TASK TO CARRY OUT =>
When you transcribe the listing that follows, keep every line exact and skip any picture.

★ ★ ★ ★ ★ ★ ★

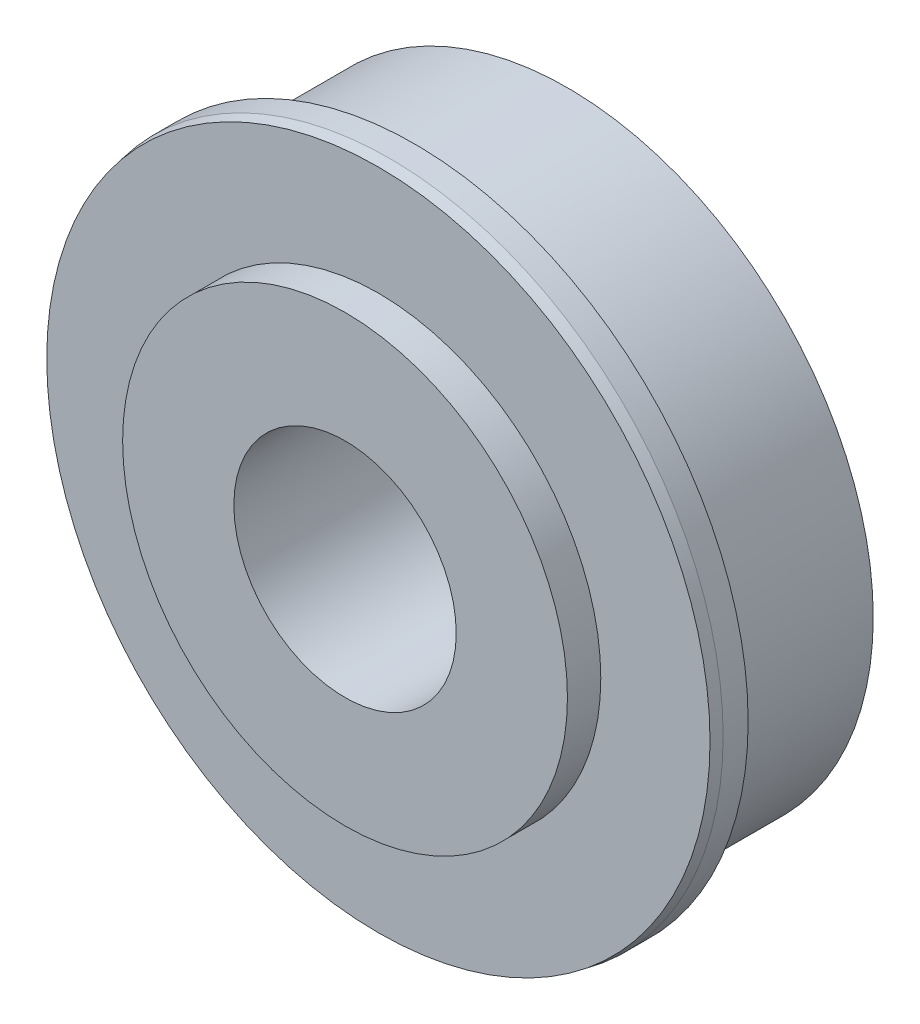
SolidWorks part; units mm, degrees
material "1023 Carbon Steel Sheet (SS)"
ref_plane "Front Plane" through (0, 0, 0) normal (1, 0, 0) x (0, 1, 0)
ref_plane "Top Plane" through (0, 0, 0) normal (0, 0, 1) x (0, 1, 0)
ref_plane "Right Plane" through (0, 0, 0) normal (0, 1, 0) x (-1, 0, 0)
sketch "Sketch1" plane through (0, 0, 0) normal (0, 1, 0) x (-1, 0, 0)
  line L0 (0, 114.8517) -> (0, -101.7673) construction
  line L1 (-17.4625, -6.35) -> (-17.4625, 1.7462)
  line L2 (-17.4625, 1.7462) -> (-17.3505, 2.3812)
  line L3 (-17.3505, 2.3812) -> (-19.05, 2.3812)
  line L4 (-19.05, 2.3812) -> (-19.05, 3.81)
  line L5 (-19.05, 3.81) -> (-18.938, 4.445)
  line L9 (-6.35, 6.35) -> (-6.35, -6.35)
  line L10 (-12.7, 6.35) -> (-6.35, 6.35)
  line L11 (-17.4625, -6.35) -> (-6.35, -6.35)
  line L12 (-17.4625, 1.7462) -> (-17.4625, 2.3812) construction
  line L13 (-18.938, 4.445) -> (-12.7, 4.445)
  line L14 (-12.7, 4.445) -> (-12.7, 6.35)
  line L15 (-18.938, 4.445) -> (-18.938, 3.81) construction
  line L16 (-18.938, 3.81) -> (-19.05, 3.81) construction
  line L17 (-6.35, 0) -> (0, 0) construction
  dimension "D1" = 12.7
  dimension "D2" = 34.925
  dimension "D3" = 10
  dimension "D4" = 38.1
  dimension "D5" = 12.7
  dimension "D6" = 3.9688
  dimension "D7" = 0.635
  dimension "D8" = 0.635
  dimension "D9" = 25.4
  dimension "D10" = 1.905
revolve "Revolve1" add sketch "Sketch1" angle 360 about L0

★ ★ ★ ★ ★ ★ ★

ANSWER SECTION =>
SolidWorks part; units mm, degrees
material "1023 Carbon Steel Sheet (SS)"
ref_plane "Front Plane" through (0, 0, 0) normal (1, 0, 0) x (0, 1, 0)
ref_plane "Top Plane" through (0, 0, 0) normal (0, 0, 1) x (0, 1, 0)
ref_plane "Right Plane" through (0, 0, 0) normal (0, 1, 0) x (-1, 0, 0)
sketch "Sketch1" plane through (0, 0, 0) normal (0, 1, 0) x (-1, 0, 0)
  line L0 (0, 114.8517) -> (0, -101.7673) construction
  line L1 (-17.4625, -6.35) -> (-17.4625, 1.7462)
  line L2 (-17.4625, 1.7462) -> (-17.3505, 2.3812)
  line L3 (-17.3505, 2.3812) -> (-19.05, 2.3812)
  line L4 (-19.05, 2.3812) -> (-19.05, 3.81)
  line L5 (-19.05, 3.81) -> (-18.938, 4.445)
  line L9 (-6.35, 6.35) -> (-6.35, -6.35)
  line L10 (-12.7, 6.35) -> (-6.35, 6.35)
  line L11 (-17.4625, -6.35) -> (-6.35, -6.35)
  line L12 (-17.4625, 1.7462) -> (-17.4625, 2.3812) construction
  line L13 (-18.938, 4.445) -> (-12.7, 4.445)
  line L14 (-12.7, 4.445) -> (-12.7, 6.35)
  line L15 (-18.938, 4.445) -> (-18.938, 3.81) construction
  line L16 (-18.938, 3.81) -> (-19.05, 3.81) construction
  line L17 (-6.35, 0) -> (0, 0) construction
  dimension "D1" = 12.7
  dimension "D2" = 34.925
  dimension "D3" = 10
  dimension "D4" = 38.1
  dimension "D5" = 12.7
  dimension "D6" = 3.9688
  dimension "D7" = 0.635
  dimension "D8" = 0.635
  dimension "D9" = 25.4
  dimension "D10" = 1.905
revolve "Revolve1" add sketch "Sketch1" angle 360 about L0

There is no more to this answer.